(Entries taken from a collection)
——————
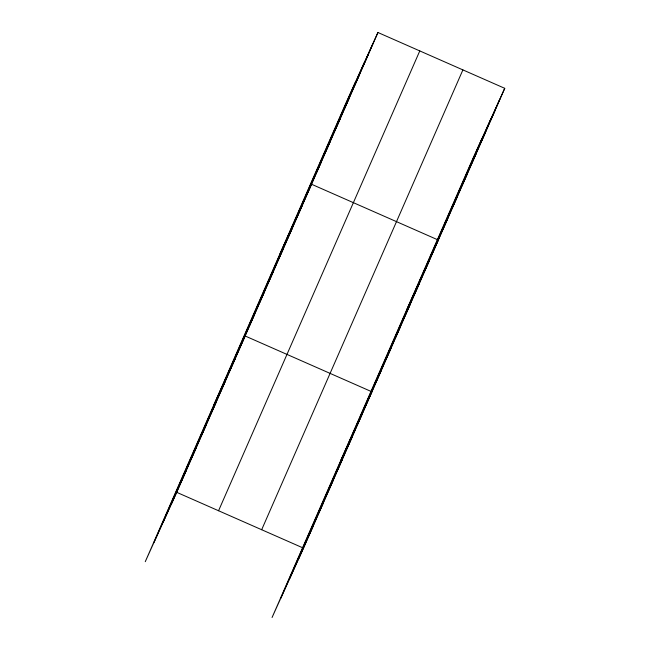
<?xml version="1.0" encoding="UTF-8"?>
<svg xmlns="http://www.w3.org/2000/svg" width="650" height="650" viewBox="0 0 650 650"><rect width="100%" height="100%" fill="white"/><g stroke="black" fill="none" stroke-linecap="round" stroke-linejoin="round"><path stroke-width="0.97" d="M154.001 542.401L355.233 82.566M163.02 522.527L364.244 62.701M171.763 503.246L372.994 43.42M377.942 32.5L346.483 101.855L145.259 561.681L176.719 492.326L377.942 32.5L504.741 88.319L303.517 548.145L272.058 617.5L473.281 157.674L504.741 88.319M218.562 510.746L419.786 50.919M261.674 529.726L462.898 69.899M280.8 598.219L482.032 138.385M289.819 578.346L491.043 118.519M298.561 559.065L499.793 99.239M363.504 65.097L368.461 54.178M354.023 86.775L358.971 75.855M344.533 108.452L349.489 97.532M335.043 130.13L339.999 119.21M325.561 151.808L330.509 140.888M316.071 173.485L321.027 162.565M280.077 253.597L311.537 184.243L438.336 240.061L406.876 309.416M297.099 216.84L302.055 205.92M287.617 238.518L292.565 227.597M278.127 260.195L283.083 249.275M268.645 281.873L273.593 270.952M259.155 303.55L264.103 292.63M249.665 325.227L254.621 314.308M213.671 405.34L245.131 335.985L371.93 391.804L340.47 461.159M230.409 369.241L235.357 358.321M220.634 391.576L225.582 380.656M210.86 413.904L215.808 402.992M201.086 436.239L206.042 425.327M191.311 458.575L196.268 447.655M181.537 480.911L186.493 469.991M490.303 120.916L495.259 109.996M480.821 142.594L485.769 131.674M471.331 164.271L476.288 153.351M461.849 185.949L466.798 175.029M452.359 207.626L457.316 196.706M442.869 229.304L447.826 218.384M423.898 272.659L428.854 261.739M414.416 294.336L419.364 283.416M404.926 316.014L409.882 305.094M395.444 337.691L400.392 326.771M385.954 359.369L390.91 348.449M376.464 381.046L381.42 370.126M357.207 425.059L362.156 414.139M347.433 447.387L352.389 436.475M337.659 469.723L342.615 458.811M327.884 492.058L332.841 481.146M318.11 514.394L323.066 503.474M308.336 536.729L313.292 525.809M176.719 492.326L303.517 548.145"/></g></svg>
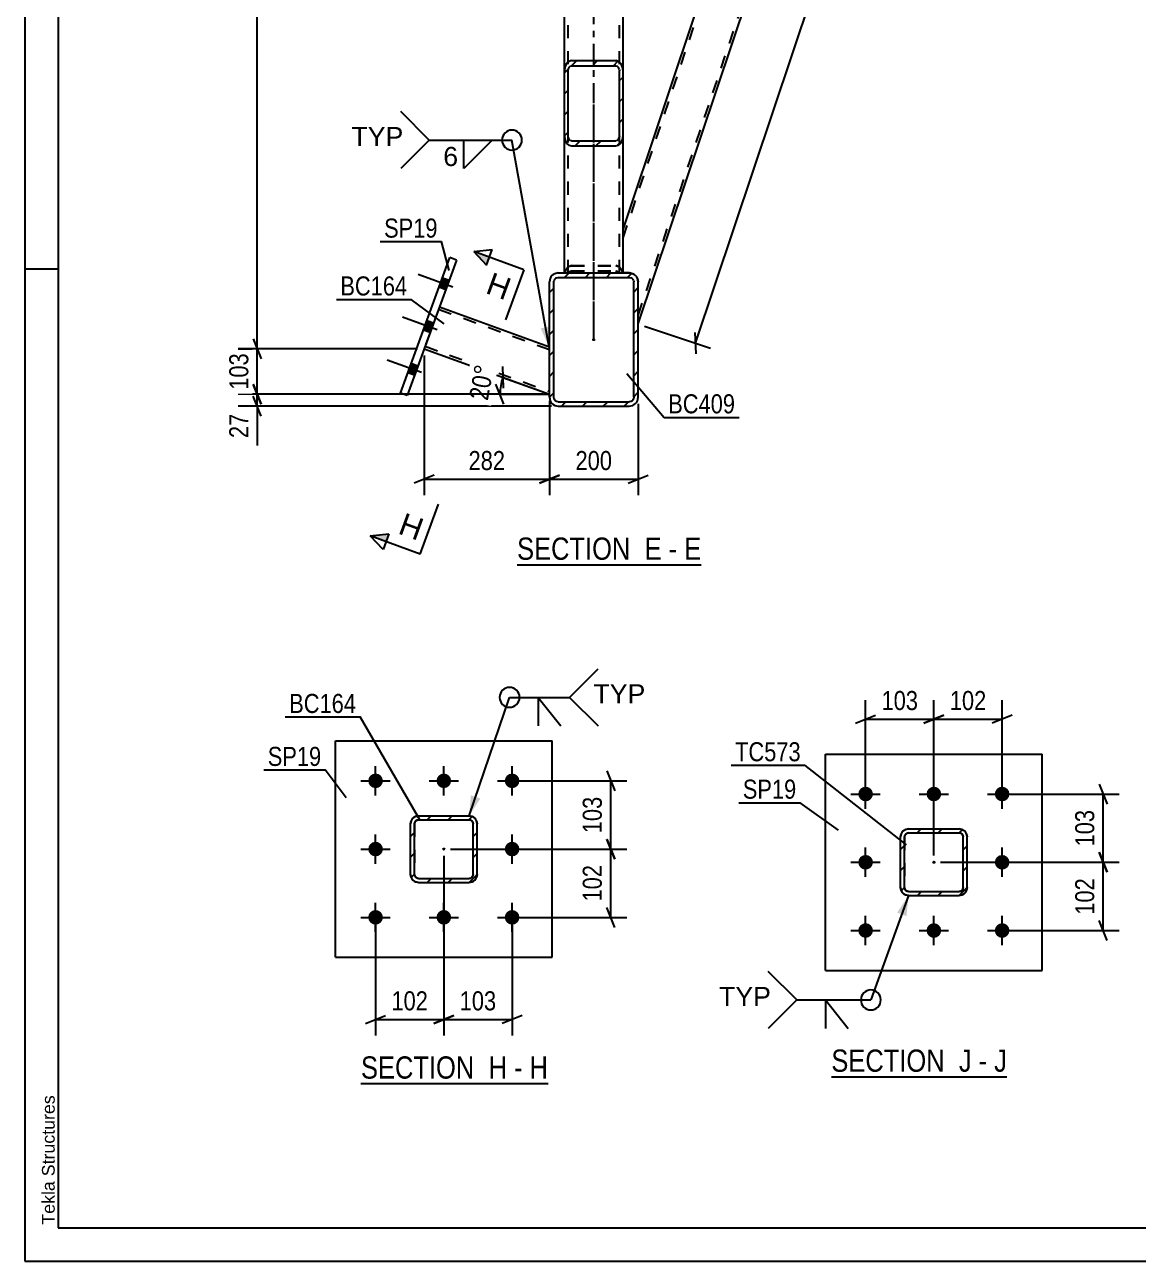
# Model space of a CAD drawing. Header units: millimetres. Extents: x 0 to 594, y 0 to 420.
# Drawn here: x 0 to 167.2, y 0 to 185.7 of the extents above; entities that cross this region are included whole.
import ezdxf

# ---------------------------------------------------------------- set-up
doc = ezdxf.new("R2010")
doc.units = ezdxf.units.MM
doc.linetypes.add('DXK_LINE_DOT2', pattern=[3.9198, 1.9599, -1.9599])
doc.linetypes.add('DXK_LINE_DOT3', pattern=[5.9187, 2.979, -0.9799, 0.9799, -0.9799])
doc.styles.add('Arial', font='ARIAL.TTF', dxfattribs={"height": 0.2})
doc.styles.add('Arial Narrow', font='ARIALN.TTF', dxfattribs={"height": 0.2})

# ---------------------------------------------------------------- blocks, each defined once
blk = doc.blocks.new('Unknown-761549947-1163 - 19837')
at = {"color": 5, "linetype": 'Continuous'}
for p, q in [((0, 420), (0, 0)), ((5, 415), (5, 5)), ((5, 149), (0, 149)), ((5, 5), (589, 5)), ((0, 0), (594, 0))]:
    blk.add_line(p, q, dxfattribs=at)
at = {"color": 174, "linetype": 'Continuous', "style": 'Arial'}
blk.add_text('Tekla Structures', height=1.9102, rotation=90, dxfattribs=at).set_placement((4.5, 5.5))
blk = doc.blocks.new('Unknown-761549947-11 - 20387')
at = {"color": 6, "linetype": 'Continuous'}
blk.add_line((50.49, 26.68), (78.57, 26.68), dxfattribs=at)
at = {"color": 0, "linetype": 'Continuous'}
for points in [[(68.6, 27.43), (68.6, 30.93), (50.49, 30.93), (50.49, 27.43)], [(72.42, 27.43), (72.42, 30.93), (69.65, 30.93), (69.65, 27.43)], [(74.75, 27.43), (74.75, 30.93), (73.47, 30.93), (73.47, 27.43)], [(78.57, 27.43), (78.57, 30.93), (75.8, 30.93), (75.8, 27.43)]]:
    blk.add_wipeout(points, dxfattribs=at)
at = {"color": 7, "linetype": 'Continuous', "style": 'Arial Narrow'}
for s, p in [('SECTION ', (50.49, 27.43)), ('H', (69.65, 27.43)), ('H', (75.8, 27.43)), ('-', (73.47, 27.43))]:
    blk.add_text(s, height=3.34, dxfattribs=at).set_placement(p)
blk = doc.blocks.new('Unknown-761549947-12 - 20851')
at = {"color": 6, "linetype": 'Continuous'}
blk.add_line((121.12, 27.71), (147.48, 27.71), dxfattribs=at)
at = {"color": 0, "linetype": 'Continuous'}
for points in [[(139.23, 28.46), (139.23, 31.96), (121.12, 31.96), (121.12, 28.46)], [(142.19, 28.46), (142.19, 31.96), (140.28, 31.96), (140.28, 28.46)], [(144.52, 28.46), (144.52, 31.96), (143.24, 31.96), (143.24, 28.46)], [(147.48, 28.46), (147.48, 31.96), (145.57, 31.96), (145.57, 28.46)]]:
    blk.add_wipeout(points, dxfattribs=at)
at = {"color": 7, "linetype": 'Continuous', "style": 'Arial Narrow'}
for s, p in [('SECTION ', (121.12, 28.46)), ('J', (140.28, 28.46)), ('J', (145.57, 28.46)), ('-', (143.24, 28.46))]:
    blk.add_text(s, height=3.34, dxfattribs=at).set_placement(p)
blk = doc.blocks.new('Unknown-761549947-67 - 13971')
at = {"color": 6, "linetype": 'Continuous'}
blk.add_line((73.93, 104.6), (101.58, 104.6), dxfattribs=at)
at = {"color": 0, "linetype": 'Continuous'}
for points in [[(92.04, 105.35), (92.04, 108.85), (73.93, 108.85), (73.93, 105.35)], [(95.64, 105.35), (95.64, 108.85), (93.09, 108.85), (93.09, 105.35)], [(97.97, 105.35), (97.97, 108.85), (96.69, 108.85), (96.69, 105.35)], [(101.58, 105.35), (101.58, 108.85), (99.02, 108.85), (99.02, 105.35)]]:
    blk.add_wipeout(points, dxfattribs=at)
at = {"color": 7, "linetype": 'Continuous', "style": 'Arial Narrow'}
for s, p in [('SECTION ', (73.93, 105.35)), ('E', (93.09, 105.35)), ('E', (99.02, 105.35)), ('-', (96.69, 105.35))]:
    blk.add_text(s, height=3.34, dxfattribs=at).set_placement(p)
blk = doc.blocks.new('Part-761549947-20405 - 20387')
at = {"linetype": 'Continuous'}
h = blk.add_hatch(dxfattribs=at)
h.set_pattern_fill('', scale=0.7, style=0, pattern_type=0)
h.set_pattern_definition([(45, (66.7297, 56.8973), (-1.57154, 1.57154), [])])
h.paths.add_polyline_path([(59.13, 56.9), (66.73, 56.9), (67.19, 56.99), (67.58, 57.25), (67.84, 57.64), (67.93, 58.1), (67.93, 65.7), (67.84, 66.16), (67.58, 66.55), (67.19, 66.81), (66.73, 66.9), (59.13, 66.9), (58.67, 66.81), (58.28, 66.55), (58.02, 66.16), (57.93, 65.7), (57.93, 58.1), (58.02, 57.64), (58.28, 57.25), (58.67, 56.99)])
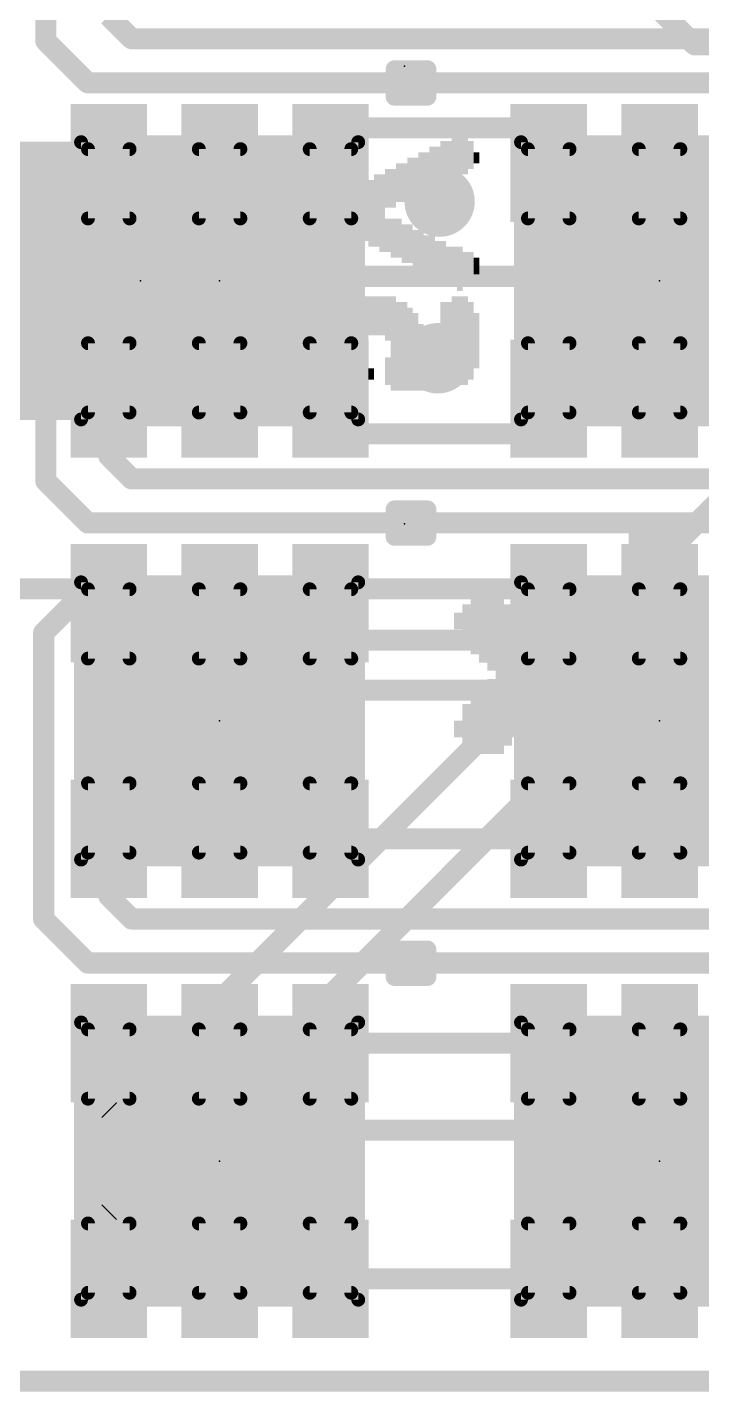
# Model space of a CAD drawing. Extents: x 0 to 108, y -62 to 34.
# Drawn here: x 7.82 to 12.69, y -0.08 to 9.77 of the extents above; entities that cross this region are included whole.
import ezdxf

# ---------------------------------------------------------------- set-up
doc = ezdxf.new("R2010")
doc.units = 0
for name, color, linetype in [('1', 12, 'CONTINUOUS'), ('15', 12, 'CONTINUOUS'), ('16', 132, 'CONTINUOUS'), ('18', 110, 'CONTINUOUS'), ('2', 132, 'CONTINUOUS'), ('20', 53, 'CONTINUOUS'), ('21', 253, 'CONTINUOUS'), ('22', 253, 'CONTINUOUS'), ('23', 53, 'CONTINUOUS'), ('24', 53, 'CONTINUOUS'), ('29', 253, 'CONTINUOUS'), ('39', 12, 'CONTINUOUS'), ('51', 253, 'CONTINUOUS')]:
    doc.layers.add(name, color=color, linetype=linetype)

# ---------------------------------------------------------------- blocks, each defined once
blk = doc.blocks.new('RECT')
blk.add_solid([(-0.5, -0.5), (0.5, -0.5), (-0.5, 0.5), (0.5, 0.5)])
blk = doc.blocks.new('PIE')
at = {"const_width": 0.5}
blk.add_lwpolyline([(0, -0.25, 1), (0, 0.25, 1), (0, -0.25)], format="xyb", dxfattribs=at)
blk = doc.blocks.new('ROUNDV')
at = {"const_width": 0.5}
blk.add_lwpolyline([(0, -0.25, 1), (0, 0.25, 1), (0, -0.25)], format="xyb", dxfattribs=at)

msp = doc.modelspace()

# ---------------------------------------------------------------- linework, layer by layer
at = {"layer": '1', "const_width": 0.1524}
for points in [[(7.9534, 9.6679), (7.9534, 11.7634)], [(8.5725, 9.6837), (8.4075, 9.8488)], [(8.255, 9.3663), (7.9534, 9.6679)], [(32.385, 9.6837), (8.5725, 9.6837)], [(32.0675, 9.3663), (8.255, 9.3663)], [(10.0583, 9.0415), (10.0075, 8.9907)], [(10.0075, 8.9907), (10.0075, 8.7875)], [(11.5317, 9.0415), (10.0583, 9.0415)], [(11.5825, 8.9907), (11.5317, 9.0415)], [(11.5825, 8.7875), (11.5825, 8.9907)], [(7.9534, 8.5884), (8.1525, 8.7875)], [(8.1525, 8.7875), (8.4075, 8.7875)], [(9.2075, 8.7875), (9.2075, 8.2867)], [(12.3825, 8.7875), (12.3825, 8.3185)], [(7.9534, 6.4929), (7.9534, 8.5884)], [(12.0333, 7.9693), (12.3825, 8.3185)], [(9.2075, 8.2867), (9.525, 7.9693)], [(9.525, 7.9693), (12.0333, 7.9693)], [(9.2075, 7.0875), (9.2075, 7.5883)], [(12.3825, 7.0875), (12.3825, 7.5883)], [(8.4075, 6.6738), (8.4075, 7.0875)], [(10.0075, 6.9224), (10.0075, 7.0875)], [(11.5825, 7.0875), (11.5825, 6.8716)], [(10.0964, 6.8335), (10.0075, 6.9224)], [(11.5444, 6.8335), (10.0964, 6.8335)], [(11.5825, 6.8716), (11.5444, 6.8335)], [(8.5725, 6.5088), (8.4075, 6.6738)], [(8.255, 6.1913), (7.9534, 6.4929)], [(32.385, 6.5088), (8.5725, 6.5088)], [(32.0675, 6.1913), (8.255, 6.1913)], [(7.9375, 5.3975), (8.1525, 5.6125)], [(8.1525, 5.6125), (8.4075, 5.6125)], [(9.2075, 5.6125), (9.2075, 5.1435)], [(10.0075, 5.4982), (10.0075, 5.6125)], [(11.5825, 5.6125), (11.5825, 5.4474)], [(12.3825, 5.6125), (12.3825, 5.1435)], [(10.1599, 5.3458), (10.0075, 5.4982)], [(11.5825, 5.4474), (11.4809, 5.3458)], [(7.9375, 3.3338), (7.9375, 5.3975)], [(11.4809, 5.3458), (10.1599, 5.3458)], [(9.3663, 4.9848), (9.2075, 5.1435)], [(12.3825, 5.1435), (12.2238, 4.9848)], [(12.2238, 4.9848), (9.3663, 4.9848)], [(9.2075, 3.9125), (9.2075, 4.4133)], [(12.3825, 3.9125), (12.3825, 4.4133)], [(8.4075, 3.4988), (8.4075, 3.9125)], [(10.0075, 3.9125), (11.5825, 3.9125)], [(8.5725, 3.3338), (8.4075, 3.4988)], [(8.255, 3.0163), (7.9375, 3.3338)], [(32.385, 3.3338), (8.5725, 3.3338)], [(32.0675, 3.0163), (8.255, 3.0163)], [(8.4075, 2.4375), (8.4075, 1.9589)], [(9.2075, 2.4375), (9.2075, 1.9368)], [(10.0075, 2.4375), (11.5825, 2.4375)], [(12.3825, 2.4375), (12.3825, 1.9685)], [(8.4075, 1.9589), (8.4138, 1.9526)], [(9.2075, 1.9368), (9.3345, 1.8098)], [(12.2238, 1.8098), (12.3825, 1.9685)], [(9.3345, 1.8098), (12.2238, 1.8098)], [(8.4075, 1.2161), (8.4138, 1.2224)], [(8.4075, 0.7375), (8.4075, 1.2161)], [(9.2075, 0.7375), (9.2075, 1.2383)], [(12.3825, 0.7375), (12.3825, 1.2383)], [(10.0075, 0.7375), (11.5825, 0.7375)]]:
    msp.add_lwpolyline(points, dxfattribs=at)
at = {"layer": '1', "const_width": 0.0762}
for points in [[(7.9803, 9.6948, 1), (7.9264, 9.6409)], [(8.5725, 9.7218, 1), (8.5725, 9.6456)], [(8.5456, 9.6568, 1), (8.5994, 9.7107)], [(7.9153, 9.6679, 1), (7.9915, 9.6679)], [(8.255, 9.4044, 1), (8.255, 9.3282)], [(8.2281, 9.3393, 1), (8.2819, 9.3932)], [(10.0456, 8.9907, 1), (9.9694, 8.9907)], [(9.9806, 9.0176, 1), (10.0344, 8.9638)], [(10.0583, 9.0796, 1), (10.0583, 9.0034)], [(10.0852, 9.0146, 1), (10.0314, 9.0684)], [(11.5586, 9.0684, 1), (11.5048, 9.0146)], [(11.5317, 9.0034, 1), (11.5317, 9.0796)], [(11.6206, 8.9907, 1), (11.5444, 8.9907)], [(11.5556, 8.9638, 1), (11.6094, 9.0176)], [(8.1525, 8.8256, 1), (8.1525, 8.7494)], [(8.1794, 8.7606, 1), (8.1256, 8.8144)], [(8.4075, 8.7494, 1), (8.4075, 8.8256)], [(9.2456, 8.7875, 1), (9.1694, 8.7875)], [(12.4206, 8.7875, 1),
——————
▶ [Problem details]:
The lines you return should be those above that contain the word "region", every one of them.

▶ [Response to this task]:
# Drawn here: x 0 to 167.2, y 0 to 185.7 of the extents above; entities that cross this region are included whole.
# Drawn here: x 7.82 to 12.69, y -0.08 to 9.77 of the extents above; entities that cross this region are included whole.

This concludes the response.